D'autre part, je constate que M. Bizien le directeur du funérarium de Nanterre me laisse tranquille, alors qu'avant il n'hésitait pas à me reprocher un mauvais rasage ou autre. Il a été jusqu'à, avant- hier, me proposer une demande de logements à l'OPHLM, sachant que je suis petitement logé et éloigné de mon lieu de travail. Je sens qu'il est mal à l'aise avec cette histoire. Je m'en fous des conséquences éventuelles pour moi. Cette histoire me travaille trop. J'en suis à penser que la jeune femme réclame mon intervention. Je vous répète que je suis croyant. Il faut un minimum de respect. Je ne travaille pas dans des conditions comme ça.
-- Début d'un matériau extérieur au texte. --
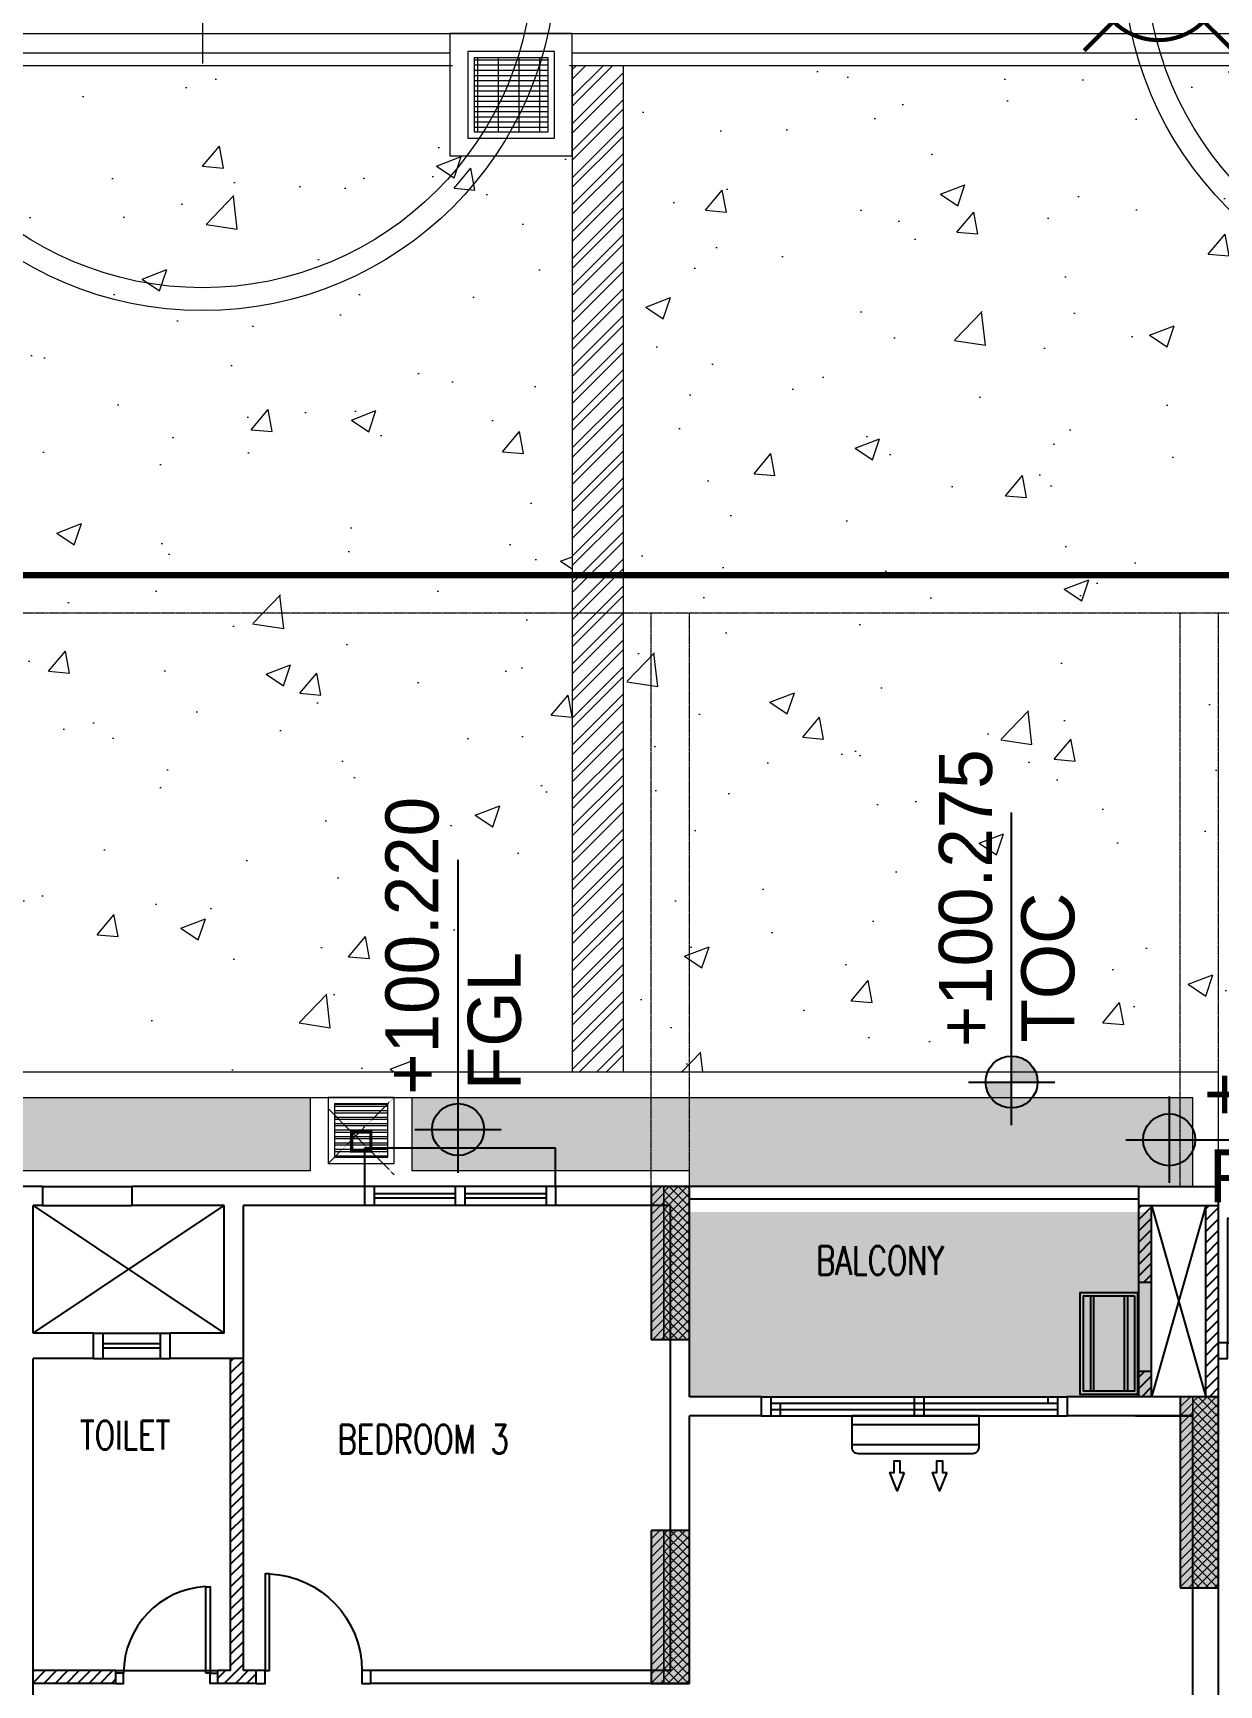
# Model space of a CAD drawing. Header units: millimetres. Extents: x 7964926 to 16080295, y -6277184 to -2986664.
# Drawn here: x 8135811 to 8145115, y -3094772 to -3081805 of the extents above; entities that cross this region are included whole.
import ezdxf

# ---------------------------------------------------------------- set-up
doc = ezdxf.new("R2010")
doc.units = ezdxf.units.MM
doc.header["$LTSCALE"] = 2000
doc.header["$MEASUREMENT"] = 0
for name, pattern in [('( Hidden )', [0.375, 0.25, -0.125]), ('1', [0, 0, 0]), ('DASHED2', [0.375, 0.25, -0.125]), ('HIDDEN', [0.375, 0.25, -0.125])]:
    doc.linetypes.add(name, pattern=pattern)
for name, color, linetype in [('a-AC units', 7, 'Continuous'), ('a-chajja', 2, 'HIDDEN'), ('a-col', 8, 'DASHED2'), ('a-cutout', 8, 'Continuous'), ('a-door', 8, 'Continuous'), ('a-hat col', 252, 'Continuous'), ('a-hatch', 8, 'Continuous'), ('a-hatch wall', 8, 'Continuous'), ('a-railing', 2, 'Continuous'), ('a-text m', 8, 'Continuous'), ('a-tile drop', 1, 'Continuous'), ('a-wall', 8, 'Continuous'), ('a-window', 8, 'Continuous'), ('L - proposed trees', 74, 'Continuous'), ('L-FL', 7, 'Continuous')]:
    doc.layers.add(name, color=color, linetype=linetype)
for name, color, linetype, lineweight in [('BASEMENT EDGE', 4, 'Continuous', 5), ('L - paving', 9, 'Continuous', 5), ('L- existing trees', 76, 'Continuous', 18), ('L-base plan', 250, 'Continuous', 5), ('L-CHAMBERS', 50, 'Continuous', 5), ('L-CORECUT', 4, 'Continuous', 5), ('L-ELE 1', 24, 'Continuous', 20), ('L-ELE 2', 30, 'Continuous', 15), ('L-ELE 4', 27, 'Continuous', 9), ('L-HATCH-1', 9, 'Continuous', 5), ('L-kerb', 24, 'Continuous', 13), ('L-lights', 213, 'Continuous', 0), ('L-Paver 400x400', 250, '1', 13), ('L-SHRUBS', 96, 'Continuous', 18), ('STR-Balcony', 250, 'Continuous', 15), ('STR-Column', 250, 'Continuous', 15), ('STR-Column Hatch', 250, 'Continuous', 15), ('STR-Podium Beam', 8, 'Continuous', 15), ('STR-Retaining Wall', 250, 'HIDDEN', 15)]:
    doc.layers.add(name, color=color, linetype=linetype, lineweight=lineweight)
doc.styles.add('a-100 txt m', font='romans.shx', dxfattribs={"width": 0.75, "height": 300})
doc.styles.add('Century Gothic', font='GOTHIC.TTF')
doc.styles.get("Standard").update_dxf_attribs({"font": 'romans.shx', "width": 0.75})
pattern_1 = [(45, (1424320.437, 166168.526), (-44.1941738, 44.1941738), [])]
pattern_2 = [(0, (5647438.427, -3743671.92), (12.5, 25), [0, -25])]
pattern_3 = [(45, (5629476.44, -3591598.786), (-35.3553391, 35.3553391), []), (135, (5629476.44, -3591598.786), (-35.3553391, -35.3553391), [])]
pattern_4 = [(45, (5629476.44, -3588698.786), (-35.3553391, 35.3553391), []), (135, (5629476.44, -3588698.786), (-35.3553391, -35.3553391), [])]
pattern_5 = [(45, (5633626.44, -3590348.786), (-35.3553391, 35.3553391), []), (135, (5633626.44, -3590348.786), (-35.3553391, -35.3553391), [])]
pattern_6 = [(45, (5647438.427, -3482218.836), (-35.3553391, 35.3553391), [])]
pattern_7 = [(45, (5643288.427, -3480568.836), (-35.3553391, 35.3553391), [])]
pattern_8 = [(45, (5643288.427, -3483468.836), (-35.3553391, 35.3553391), [])]
pattern_9 = [(50, (0, 0), (1972.4655, -172.56837), [206.25, -2268.75]), (355, (0, 0), (-381.56617, 2068.52837), [165, -1815]), (100.451444, (164.4, -14.4), (1590.89933, 1895.95998), [175.28553, -1928.1408]), (46.1842, (0, 550), (2934.91366, -455.178), [309.375, -3403.125]), (96.635635, (244.6, 512), (2570.32035, 2678.82615), [262.9284, -2892.2128]), (351.184164, (0, 550), (2570.3203, 2678.8262), [247.5, -2722.5]), (21, (275, 412.5), (1641.4944, -1107.20195), [206.25, -2268.75]), (326, (275, 412.5), (669.11716, 1994.16262), [165, -1815]), (71.451445, (411.8, 320.2), (2310.61154, 886.96067), [175.2855, -1928.1408]), (37.5, (0, 0), (33.4396, 915.4581), [0, -1793, 0, -1842.5, 0, -1821.875]), (7.5, (0, 0), (723.44123, 1084.63221), [0, -1050.5, 0, -1751.75, 0, -694.375]), (327.5, (-613.25, 0), (1468.0117, -62.0259), [0, -687.5, 0, -2145, 0, -2846.25]), (317.5, (-888.2, 0), (1603.76197, 275.2887), [0, -893.75, 0, -1424.5, 0, -2021.25])]

# ---------------------------------------------------------------- blocks, each defined once
blk = doc.blocks.new('basement - column')
at = {"layer": 'a-hat col'}
h = blk.add_hatch(color=256, dxfattribs=at)
h.dxf.hatch_style = 1
h.paths.add_polyline_path([(152875, -4799), (152575, -4799), (152575, -5999), (152875, -5999)])
h = blk.add_hatch(color=256, dxfattribs=at)
h.dxf.hatch_style = 1
h.paths.add_polyline_path([(157025, -6449), (156725, -6449), (156725, -7949), (157025, -7949)])
h = blk.add_hatch(color=256, dxfattribs=at)
h.dxf.hatch_style = 1
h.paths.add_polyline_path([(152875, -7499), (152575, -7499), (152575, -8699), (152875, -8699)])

Je suis soulagé de vous avoir parlé. R. n'est pas méchant. Et j'ai rigolé plusieurs fois avec lui,.... Mais là, ça me travaille trop. Eux ils n'ont pas vu ce qu'il a fait. Ils n'ont pas à vivre avec ».
Le directeur du funérarium, M. BIZIEN entendu par les policiers le 30 mai 2002 a déclaré " je suis revenu au funérarium où j'ai trouvé vers 20 heures M. Jacques et M. R.... Finalement après un bon moment il a avoué qu'il avait touché les seins... J'ai appelé M. MARKACZ mon directeur pour lui expliquer ce que M. A... avait vu. En plus, comme j'avais certains doutes à son sujet, des bruits qui couraient sur son attitude, j'ai expliqué tout cela. Finalement le lendemain ou le surlendemain nous avons reçu M. R.. Lui ayant signalé que son attitude était inadmissible, nous lui avons fait confirmer ce qu'il avait avoué, à l'issue de quoi nous lui avons demandé de donner sa démission sur- le- champ. Il a accepté le fait sans faire de difficultés. Je précise que ce monsieur était délégué syndical, que si on avait dû le licencier, le fait serait remonté au niveau national. Nous avons choisi de régler cette affaire en interne ».
Il est également constant que cette procédure d'enquête préliminaire s'est terminée par une convocation devant le délégué du Procureur de la république pour un rappel à la loi et classement sans suite.
Par avenant du 1er août 2002, M. Juan Paolo A... acceptait une mutation au sein du secteur opérationnel de Saint- Maur à compter du 1er septembre 2002. Cet avenant stipulait le bénéfice d'un logement de fonction à partir du 1er octobre 2002.
Cependant, au cours des mois qui ont suivi, M. Juan Paolo A... qui indique souffrir d'une maladie orpheline évolutive, la maladie de Romberg, a été placé en arrêt de travail à plusieurs reprises, pour un total de 65 jours, cette maladie évolutive étant manifestement ré- activée par le stress subi par le salarié.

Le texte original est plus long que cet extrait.